WHAT TO DO >> Leaving the images behind, copy every line of the records exactly.

Data records >>
───

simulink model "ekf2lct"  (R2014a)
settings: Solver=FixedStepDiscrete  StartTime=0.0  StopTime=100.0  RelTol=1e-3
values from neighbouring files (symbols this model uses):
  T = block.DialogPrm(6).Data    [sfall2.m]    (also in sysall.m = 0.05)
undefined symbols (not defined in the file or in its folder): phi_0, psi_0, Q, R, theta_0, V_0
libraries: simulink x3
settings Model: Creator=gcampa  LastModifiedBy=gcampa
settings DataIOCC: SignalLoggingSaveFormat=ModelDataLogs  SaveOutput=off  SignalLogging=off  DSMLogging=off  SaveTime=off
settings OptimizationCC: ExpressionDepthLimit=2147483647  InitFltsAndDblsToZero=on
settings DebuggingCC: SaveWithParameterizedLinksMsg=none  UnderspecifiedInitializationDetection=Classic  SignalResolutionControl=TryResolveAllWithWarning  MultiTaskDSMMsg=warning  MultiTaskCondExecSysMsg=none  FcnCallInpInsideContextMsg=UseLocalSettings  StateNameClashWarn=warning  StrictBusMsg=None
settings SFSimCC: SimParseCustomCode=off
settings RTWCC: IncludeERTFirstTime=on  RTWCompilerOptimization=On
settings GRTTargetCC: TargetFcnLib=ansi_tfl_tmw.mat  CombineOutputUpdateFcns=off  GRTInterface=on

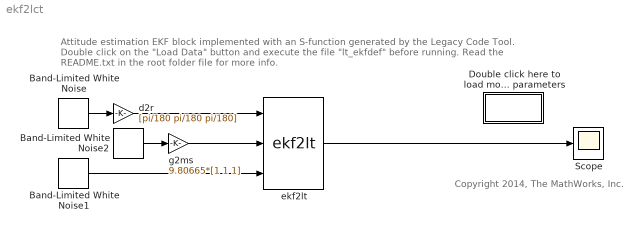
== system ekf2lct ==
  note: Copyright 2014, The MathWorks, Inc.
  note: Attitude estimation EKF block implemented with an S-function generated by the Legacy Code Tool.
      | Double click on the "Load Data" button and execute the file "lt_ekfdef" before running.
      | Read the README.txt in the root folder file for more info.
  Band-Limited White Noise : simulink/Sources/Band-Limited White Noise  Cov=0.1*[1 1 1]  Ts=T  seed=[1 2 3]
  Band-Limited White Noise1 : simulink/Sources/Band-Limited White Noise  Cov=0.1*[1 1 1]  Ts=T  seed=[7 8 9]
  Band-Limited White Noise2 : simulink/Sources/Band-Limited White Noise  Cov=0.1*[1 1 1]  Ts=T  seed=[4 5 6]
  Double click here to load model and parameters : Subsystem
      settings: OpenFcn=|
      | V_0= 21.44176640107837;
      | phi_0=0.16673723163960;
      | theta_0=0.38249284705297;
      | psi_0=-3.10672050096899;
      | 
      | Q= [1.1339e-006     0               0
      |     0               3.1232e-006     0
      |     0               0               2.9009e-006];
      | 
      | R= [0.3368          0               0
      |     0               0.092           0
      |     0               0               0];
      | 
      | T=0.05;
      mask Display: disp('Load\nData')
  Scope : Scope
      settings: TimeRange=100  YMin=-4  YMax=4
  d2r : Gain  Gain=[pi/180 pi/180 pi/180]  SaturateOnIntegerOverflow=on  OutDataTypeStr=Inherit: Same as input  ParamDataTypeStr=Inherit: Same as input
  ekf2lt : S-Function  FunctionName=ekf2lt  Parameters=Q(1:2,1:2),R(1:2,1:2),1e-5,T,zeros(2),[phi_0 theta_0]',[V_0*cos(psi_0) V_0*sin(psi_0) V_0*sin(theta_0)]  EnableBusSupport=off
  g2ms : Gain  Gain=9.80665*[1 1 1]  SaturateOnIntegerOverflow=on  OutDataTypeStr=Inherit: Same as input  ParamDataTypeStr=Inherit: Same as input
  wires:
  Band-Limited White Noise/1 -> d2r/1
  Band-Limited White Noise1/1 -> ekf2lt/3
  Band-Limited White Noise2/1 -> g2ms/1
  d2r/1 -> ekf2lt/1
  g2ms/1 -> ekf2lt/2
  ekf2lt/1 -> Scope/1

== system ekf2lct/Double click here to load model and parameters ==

───

EXERCISE RESPONSE >>
simulink model "ekf2lct"  (R2014a)
settings: Solver=FixedStepDiscrete  StartTime=0.0  StopTime=100.0  RelTol=1e-3
values from neighbouring files (symbols this model uses):
  T = block.DialogPrm(6).Data    [sfall2.m]    (also in sysall.m = 0.05)
undefined symbols (not defined in the file or in its folder): phi_0, psi_0, Q, R, theta_0, V_0
libraries: simulink x3
settings Model: Creator=gcampa  LastModifiedBy=gcampa
settings DataIOCC: SignalLoggingSaveFormat=ModelDataLogs  SaveOutput=off  SignalLogging=off  DSMLogging=off  SaveTime=off
settings OptimizationCC: ExpressionDepthLimit=2147483647  InitFltsAndDblsToZero=on
settings DebuggingCC: SaveWithParameterizedLinksMsg=none  UnderspecifiedInitializationDetection=Classic  SignalResolutionControl=TryResolveAllWithWarning  MultiTaskDSMMsg=warning  MultiTaskCondExecSysMsg=none  FcnCallInpInsideContextMsg=UseLocalSettings  StateNameClashWarn=warning  StrictBusMsg=None
settings SFSimCC: SimParseCustomCode=off
settings RTWCC: IncludeERTFirstTime=on  RTWCompilerOptimization=On
settings GRTTargetCC: TargetFcnLib=ansi_tfl_tmw.mat  CombineOutputUpdateFcns=off  GRTInterface=on

== system ekf2lct ==
  note: Copyright 2014, The MathWorks, Inc.
  note: Attitude estimation EKF block implemented with an S-function generated by the Legacy Code Tool.
      | Double click on the "Load Data" button and execute the file "lt_ekfdef" before running.
      | Read the README.txt in the root folder file for more info.
  Band-Limited White Noise : simulink/Sources/Band-Limited White Noise  Cov=0.1*[1 1 1]  Ts=T  seed=[1 2 3]
  Band-Limited White Noise1 : simulink/Sources/Band-Limited White Noise  Cov=0.1*[1 1 1]  Ts=T  seed=[7 8 9]
  Band-Limited White Noise2 : simulink/Sources/Band-Limited White Noise  Cov=0.1*[1 1 1]  Ts=T  seed=[4 5 6]
  Double click here to load model and parameters : Subsystem
      settings: OpenFcn=|
      | V_0= 21.44176640107837;
      | phi_0=0.16673723163960;
      | theta_0=0.38249284705297;
      | psi_0=-3.10672050096899;
      | 
      | Q= [1.1339e-006     0               0
      |     0               3.1232e-006     0
      |     0               0               2.9009e-006];
      | 
      | R= [0.3368          0               0
      |     0               0.092           0
      |     0               0               0];
      | 
      | T=0.05;
      mask Display: disp('Load\nData')
  Scope : Scope
      settings: TimeRange=100  YMin=-4  YMax=4
  d2r : Gain  Gain=[pi/180 pi/180 pi/180]  SaturateOnIntegerOverflow=on  OutDataTypeStr=Inherit: Same as input  ParamDataTypeStr=Inherit: Same as input
  ekf2lt : S-Function  FunctionName=ekf2lt  Parameters=Q(1:2,1:2),R(1:2,1:2),1e-5,T,zeros(2),[phi_0 theta_0]',[V_0*cos(psi_0) V_0*sin(psi_0) V_0*sin(theta_0)]  EnableBusSupport=off
  g2ms : Gain  Gain=9.80665*[1 1 1]  SaturateOnIntegerOverflow=on  OutDataTypeStr=Inherit: Same as input  ParamDataTypeStr=Inherit: Same as input
  wires:
  Band-Limited White Noise/1 -> d2r/1
  Band-Limited White Noise1/1 -> ekf2lt/3
  Band-Limited White Noise2/1 -> g2ms/1
  d2r/1 -> ekf2lt/1
  g2ms/1 -> ekf2lt/2
  ekf2lt/1 -> Scope/1

== system ekf2lct/Double click here to load model and parameters ==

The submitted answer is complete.